1. Our Pick: Death Wish Whole Bean Coffee

Death-Wish-Organic-USDA-Certified-Whole-Bean-Coffee

Self-proclaimed as the world’s strongest coffee, Death Wish Coffee nails its colors firmly to the mast.

The unique and invigorating blend of Arabica and Robusta beans slowly roasted and packing double the caffeine content of regular coffee, this organic Fair Trade is perfect for espresso. These beans are also Kosher and USDA Certified Organic.

You’ll get a dark, sultry coffee which is smooth and leaves no trace of bitterness or aftertaste. There’s a subtle but unmistakable undertone of chocolate and just a hint of cherry.

The dark roast leads to a bold flavor as you’d expect from a coffee named Death Wish.

We’ve saved the best for last, too…

It’s always risky trying a new coffee. Will you like it? How about the aftertaste? Will you find it too strong?

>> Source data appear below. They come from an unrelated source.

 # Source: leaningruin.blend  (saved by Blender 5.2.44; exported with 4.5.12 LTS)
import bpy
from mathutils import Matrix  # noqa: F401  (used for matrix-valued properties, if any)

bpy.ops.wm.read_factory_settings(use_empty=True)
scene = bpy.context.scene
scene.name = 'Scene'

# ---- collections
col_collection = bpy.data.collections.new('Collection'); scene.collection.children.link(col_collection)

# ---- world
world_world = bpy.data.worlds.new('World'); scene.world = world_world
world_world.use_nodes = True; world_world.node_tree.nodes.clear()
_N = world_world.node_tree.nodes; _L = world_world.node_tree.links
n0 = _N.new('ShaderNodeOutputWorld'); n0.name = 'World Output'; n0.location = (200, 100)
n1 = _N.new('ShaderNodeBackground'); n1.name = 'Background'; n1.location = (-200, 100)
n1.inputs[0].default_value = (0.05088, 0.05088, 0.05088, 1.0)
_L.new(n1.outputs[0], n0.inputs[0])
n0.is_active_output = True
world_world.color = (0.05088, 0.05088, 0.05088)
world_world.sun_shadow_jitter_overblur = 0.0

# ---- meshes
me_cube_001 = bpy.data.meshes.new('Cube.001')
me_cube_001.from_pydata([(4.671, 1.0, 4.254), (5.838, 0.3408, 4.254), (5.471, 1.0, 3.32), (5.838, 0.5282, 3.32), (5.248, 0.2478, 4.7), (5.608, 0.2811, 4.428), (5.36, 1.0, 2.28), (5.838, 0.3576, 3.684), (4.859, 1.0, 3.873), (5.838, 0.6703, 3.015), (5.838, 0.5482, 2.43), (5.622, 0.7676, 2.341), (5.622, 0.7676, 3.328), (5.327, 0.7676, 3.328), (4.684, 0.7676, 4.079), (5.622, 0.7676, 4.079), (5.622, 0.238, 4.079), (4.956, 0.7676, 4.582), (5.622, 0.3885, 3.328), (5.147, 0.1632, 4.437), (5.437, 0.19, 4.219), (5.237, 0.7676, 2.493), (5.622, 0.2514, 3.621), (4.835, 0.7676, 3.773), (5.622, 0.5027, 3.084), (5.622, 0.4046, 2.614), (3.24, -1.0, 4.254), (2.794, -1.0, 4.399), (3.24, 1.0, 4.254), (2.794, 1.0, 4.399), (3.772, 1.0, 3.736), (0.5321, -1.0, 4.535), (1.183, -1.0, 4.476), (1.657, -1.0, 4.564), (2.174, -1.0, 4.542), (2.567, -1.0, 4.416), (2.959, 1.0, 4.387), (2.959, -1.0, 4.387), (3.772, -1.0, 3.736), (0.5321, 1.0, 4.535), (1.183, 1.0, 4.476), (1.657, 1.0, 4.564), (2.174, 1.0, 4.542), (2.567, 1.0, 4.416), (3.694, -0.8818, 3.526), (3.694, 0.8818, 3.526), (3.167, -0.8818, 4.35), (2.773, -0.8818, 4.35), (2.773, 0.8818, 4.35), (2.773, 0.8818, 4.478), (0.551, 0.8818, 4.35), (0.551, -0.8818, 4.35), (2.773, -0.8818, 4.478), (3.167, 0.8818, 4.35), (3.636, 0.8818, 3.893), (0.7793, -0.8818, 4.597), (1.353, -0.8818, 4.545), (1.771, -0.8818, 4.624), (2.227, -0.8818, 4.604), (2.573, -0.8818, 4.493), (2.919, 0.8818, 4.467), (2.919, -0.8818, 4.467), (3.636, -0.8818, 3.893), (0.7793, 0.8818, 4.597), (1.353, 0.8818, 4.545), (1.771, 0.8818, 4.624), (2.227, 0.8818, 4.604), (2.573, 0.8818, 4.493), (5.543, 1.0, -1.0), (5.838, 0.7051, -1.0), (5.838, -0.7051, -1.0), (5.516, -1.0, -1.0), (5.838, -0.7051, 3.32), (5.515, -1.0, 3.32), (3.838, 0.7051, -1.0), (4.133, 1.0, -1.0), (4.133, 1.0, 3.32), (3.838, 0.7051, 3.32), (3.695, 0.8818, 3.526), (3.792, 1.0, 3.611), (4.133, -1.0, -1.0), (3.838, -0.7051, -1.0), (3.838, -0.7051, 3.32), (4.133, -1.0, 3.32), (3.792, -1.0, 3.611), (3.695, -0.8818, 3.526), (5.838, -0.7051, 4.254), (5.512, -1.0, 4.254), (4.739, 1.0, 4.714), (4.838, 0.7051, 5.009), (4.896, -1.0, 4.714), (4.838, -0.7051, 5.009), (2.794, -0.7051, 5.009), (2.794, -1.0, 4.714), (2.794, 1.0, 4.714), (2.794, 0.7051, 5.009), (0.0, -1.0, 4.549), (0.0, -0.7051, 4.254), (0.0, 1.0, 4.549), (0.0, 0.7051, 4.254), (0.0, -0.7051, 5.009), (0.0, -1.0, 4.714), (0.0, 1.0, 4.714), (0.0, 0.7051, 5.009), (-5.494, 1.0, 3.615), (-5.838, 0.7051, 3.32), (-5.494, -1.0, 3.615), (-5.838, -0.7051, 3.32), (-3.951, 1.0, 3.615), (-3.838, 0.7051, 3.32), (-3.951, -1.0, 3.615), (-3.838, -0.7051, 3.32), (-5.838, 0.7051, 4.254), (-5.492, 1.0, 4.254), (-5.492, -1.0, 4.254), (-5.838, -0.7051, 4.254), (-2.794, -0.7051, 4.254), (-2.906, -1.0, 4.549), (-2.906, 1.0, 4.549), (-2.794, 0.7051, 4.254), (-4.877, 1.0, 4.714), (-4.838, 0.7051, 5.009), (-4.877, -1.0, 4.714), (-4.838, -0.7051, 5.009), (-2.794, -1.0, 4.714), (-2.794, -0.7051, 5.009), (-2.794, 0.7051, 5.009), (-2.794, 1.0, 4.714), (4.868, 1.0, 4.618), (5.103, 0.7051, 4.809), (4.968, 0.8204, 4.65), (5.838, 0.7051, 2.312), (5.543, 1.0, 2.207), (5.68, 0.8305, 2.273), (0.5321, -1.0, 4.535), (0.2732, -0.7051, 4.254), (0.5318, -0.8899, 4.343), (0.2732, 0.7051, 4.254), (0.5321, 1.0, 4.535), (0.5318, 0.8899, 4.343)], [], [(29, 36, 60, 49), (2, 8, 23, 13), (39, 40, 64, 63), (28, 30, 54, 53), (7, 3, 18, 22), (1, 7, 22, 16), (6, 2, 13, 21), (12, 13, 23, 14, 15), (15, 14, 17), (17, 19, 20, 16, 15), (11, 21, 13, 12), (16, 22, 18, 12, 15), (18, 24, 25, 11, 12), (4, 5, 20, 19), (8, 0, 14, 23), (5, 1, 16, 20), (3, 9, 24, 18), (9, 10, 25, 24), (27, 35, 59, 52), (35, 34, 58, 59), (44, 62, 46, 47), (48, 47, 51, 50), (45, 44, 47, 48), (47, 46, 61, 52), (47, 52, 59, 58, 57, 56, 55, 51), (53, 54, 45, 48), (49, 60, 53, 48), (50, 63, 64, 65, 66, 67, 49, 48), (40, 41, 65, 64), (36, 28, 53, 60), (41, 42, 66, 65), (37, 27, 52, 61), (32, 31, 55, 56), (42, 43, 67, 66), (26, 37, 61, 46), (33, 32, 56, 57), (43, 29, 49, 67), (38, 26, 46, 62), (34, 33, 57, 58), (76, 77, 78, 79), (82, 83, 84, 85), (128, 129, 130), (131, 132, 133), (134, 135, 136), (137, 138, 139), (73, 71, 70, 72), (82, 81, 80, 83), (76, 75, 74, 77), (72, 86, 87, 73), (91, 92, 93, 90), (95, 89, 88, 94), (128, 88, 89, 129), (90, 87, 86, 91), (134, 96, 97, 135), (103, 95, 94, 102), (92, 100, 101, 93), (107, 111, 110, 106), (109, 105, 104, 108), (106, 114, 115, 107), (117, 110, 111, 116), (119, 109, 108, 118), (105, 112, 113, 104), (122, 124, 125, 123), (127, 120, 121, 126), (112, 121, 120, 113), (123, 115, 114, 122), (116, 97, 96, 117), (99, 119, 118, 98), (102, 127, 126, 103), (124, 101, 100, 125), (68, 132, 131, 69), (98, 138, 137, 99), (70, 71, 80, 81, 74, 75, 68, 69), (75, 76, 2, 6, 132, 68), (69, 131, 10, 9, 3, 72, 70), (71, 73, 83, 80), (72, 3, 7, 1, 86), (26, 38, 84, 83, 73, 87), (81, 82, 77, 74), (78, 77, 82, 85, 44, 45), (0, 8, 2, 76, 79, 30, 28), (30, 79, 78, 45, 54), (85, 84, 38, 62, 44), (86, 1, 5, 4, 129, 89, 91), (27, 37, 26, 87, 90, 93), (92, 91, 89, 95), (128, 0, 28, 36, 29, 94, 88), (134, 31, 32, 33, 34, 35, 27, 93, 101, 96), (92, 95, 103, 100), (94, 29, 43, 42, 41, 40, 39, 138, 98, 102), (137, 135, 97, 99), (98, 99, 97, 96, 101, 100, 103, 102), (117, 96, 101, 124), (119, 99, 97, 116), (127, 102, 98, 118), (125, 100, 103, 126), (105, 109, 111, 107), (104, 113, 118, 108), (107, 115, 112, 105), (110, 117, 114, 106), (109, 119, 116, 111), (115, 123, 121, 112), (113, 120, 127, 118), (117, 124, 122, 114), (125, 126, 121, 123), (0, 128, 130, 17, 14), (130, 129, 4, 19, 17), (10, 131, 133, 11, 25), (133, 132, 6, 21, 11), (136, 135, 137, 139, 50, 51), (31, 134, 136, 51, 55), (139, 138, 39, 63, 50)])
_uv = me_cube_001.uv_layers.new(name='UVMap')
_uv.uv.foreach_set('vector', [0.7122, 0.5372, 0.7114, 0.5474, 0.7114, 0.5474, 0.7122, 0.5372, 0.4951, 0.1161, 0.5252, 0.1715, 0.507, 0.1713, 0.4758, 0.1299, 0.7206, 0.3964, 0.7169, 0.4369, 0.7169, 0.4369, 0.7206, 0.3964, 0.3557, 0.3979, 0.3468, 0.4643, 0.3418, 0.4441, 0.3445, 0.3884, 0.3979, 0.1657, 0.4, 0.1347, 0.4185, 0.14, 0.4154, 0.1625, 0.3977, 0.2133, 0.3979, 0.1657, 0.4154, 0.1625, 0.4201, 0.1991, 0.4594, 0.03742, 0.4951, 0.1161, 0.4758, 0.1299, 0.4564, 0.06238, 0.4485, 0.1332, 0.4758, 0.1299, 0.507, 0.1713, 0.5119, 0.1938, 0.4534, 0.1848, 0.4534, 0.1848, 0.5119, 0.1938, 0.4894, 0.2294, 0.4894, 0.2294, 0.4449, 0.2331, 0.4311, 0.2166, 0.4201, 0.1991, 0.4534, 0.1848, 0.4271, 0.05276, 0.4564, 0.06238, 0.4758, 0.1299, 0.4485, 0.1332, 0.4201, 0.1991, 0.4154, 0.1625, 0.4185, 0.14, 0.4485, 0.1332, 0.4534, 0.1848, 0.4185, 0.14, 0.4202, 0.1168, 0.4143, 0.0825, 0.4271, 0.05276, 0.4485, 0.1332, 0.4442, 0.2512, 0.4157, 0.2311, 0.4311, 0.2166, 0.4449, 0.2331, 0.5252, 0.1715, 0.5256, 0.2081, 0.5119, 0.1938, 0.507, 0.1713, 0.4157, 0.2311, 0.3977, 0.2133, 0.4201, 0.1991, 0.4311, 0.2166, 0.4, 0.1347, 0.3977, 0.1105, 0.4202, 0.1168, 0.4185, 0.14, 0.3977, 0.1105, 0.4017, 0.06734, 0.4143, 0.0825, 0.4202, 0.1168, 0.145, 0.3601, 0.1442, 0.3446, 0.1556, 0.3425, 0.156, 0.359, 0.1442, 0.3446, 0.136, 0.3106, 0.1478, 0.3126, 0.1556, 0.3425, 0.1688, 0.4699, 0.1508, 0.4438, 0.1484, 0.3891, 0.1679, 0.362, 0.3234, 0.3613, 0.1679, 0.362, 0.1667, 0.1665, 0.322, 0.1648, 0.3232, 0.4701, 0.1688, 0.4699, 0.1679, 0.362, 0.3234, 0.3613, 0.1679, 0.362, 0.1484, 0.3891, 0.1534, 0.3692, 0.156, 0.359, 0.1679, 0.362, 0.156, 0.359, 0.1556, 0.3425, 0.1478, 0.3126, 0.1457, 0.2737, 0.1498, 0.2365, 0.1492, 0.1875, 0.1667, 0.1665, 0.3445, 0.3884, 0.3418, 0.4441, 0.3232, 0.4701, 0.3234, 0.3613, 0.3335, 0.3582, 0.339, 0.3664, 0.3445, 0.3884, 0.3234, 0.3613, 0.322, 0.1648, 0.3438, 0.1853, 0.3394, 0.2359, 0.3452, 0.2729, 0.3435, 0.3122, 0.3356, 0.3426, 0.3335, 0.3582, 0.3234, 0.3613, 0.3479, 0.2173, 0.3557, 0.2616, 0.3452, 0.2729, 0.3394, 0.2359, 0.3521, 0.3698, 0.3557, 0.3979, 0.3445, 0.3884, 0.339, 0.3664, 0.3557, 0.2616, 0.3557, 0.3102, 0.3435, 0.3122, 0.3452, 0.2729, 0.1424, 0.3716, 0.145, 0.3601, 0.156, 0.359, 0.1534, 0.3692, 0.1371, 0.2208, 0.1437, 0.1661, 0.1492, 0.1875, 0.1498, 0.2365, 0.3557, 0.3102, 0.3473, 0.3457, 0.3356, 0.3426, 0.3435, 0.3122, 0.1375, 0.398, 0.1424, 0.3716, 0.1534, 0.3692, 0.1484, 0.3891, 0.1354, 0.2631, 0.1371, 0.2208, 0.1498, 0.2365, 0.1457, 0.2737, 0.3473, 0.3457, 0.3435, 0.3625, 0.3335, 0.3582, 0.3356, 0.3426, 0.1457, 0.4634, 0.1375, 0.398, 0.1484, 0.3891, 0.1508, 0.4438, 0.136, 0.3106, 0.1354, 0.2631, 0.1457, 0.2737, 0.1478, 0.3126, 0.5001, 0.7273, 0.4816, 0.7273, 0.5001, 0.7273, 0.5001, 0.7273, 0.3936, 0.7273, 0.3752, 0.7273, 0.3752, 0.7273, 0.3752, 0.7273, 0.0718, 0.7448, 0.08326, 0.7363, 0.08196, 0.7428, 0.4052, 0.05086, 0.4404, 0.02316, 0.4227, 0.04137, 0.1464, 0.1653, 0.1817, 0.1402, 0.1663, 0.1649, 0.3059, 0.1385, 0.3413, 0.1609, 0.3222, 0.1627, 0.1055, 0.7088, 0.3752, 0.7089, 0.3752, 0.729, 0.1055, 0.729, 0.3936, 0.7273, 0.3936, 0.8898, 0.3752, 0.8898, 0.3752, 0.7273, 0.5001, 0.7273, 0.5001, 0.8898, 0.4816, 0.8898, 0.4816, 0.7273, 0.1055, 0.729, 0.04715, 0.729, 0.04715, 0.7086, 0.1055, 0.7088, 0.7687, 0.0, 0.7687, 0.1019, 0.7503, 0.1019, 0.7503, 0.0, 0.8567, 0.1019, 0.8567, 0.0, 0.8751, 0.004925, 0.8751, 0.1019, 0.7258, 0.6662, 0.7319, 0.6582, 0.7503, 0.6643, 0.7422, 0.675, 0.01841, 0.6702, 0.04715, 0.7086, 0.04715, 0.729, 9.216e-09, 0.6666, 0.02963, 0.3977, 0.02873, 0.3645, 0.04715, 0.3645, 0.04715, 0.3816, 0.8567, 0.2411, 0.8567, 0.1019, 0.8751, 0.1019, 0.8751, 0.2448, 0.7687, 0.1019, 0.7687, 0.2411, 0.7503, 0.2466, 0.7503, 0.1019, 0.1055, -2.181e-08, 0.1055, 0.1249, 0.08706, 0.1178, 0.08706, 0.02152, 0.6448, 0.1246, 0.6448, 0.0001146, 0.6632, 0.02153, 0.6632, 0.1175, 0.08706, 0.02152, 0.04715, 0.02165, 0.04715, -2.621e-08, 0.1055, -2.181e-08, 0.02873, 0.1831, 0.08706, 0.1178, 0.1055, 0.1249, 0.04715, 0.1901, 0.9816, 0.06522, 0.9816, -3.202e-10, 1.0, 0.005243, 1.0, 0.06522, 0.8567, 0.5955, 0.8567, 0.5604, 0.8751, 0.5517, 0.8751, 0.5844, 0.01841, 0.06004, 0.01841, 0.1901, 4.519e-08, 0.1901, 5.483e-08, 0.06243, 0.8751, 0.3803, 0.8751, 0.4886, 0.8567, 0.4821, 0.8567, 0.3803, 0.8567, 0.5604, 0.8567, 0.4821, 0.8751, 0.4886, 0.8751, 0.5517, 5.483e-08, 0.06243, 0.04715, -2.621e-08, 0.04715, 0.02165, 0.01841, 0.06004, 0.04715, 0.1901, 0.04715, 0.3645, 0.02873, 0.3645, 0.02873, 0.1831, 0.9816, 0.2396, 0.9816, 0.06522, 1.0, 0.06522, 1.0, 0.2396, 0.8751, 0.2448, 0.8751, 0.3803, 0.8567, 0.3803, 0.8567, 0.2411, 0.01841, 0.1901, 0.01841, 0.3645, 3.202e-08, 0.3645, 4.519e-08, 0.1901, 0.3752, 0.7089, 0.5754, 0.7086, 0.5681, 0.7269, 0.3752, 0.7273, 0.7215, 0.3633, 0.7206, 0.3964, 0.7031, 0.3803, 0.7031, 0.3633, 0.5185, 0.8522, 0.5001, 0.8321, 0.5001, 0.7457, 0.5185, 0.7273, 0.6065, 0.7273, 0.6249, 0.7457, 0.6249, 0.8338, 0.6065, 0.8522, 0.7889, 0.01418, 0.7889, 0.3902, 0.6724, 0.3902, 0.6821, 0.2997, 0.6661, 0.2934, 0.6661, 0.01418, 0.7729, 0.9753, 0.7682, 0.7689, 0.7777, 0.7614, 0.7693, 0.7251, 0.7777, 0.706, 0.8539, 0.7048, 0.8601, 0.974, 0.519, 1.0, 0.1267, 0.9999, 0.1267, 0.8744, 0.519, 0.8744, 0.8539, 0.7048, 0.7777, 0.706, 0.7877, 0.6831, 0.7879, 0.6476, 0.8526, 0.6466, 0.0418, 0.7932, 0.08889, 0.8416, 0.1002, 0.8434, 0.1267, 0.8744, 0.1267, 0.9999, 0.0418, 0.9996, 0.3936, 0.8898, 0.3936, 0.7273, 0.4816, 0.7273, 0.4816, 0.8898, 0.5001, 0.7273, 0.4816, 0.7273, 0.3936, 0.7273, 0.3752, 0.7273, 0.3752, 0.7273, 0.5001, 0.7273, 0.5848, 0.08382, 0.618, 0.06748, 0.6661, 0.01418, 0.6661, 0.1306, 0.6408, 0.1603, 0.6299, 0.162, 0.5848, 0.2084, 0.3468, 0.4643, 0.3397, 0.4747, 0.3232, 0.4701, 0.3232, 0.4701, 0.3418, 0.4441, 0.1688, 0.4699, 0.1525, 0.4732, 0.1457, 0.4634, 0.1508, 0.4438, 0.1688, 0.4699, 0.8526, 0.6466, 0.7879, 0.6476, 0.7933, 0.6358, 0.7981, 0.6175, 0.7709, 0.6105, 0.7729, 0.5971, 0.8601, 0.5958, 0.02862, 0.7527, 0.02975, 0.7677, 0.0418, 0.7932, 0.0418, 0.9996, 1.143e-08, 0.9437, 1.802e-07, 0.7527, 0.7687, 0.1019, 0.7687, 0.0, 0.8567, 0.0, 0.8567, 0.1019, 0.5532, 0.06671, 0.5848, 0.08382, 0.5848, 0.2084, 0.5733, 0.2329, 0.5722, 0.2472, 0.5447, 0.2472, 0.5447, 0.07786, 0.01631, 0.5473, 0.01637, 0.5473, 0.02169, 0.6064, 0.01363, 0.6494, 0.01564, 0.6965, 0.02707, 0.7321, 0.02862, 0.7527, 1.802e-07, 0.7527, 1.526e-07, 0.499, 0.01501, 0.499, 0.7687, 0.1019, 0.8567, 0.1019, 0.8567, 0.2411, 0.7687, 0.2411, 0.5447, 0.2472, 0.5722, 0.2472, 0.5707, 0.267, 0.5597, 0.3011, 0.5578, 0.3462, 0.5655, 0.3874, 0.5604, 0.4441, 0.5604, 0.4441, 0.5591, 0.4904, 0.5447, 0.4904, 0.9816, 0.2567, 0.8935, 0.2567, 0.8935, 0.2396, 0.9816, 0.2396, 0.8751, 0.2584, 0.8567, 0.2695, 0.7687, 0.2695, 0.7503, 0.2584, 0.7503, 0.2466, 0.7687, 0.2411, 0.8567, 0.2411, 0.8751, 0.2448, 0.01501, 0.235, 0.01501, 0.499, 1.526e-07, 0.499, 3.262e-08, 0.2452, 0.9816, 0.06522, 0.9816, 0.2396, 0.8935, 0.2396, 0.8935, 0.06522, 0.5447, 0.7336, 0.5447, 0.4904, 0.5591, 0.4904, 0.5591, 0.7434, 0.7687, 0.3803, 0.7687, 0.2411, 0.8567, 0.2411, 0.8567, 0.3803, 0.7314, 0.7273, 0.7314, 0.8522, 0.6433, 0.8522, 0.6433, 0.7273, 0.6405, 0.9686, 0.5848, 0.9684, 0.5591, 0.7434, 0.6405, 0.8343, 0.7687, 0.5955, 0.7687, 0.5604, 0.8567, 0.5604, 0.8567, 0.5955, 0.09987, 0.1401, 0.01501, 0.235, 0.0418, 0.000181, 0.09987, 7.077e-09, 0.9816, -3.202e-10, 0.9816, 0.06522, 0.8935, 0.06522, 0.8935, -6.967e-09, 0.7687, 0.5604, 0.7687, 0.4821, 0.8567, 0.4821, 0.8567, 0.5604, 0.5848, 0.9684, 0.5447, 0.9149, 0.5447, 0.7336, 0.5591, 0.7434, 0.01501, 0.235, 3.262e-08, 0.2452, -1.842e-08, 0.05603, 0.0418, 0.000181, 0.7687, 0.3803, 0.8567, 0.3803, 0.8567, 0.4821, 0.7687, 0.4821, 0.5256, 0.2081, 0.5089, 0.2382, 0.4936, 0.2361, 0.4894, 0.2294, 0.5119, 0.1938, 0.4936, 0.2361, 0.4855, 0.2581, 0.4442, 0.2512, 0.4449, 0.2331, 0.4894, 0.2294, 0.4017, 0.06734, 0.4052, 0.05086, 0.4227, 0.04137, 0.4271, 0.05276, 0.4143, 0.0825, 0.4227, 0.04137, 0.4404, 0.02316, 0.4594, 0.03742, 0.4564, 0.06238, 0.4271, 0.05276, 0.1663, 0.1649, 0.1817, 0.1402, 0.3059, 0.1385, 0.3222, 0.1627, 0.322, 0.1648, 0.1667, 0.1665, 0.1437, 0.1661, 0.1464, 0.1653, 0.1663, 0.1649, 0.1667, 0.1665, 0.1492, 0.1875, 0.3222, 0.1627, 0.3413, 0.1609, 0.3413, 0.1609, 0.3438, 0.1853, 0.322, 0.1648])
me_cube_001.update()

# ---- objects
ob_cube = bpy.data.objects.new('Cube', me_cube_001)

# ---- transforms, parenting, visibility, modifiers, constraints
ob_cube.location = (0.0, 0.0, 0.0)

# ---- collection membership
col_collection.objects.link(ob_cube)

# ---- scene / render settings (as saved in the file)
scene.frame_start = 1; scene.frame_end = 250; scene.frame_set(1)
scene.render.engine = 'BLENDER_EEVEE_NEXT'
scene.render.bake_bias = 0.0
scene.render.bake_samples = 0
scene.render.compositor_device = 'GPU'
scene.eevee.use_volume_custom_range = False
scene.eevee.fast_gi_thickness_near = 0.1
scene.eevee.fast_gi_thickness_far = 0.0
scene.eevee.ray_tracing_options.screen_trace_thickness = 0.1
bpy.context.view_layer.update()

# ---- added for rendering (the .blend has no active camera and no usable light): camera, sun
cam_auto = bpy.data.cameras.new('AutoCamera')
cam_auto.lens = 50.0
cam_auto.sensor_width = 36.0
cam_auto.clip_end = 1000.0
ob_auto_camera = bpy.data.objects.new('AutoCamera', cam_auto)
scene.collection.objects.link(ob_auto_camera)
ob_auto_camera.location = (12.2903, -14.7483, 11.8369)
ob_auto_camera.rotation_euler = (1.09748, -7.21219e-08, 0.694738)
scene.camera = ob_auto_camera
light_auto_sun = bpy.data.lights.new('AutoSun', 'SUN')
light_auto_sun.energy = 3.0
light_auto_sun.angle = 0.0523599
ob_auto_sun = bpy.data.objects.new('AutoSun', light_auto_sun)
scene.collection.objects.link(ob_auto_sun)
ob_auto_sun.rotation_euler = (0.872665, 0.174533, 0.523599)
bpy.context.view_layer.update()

None of these questions really matters with Death Wish since you’ll be eligible for a refund if you’re not completely happy. What’s not to love?


2. Runner-Up: Lavazza Super Crema Whole Bean Coffee

Lavazza-Super-Crema-Whole-Bean-Coffee-Blend,-Medium-Espresso-Roast

You’re probably used to seeing Lavazza in red packaging but these super crema beans come in muted blue.

Where Death Wish is defiantly dark, this mild and creamy espresso roast is a little subtler. You’ll taste honey and almonds vying with fruit in a freshly ground coffee that’s ideal for those morning shots or a slightly longer drink later in the day.

The aroma level is rated 4 out of 5 with a mix of Arabica and Robusta tailor-made for those short, strong shots. The Arabica beans are sourced from India, Colombia and Brazil while the contrasting Robusta beans come from Vietnam and Indonesia. You’ve got a truly multicultural melting pot

These beans are best used in a dedicated espresso machine. You’ll get by far the freshest cup of coffee by grinding your beans directly before brewing. Make sure, too, that you store your beans correctly.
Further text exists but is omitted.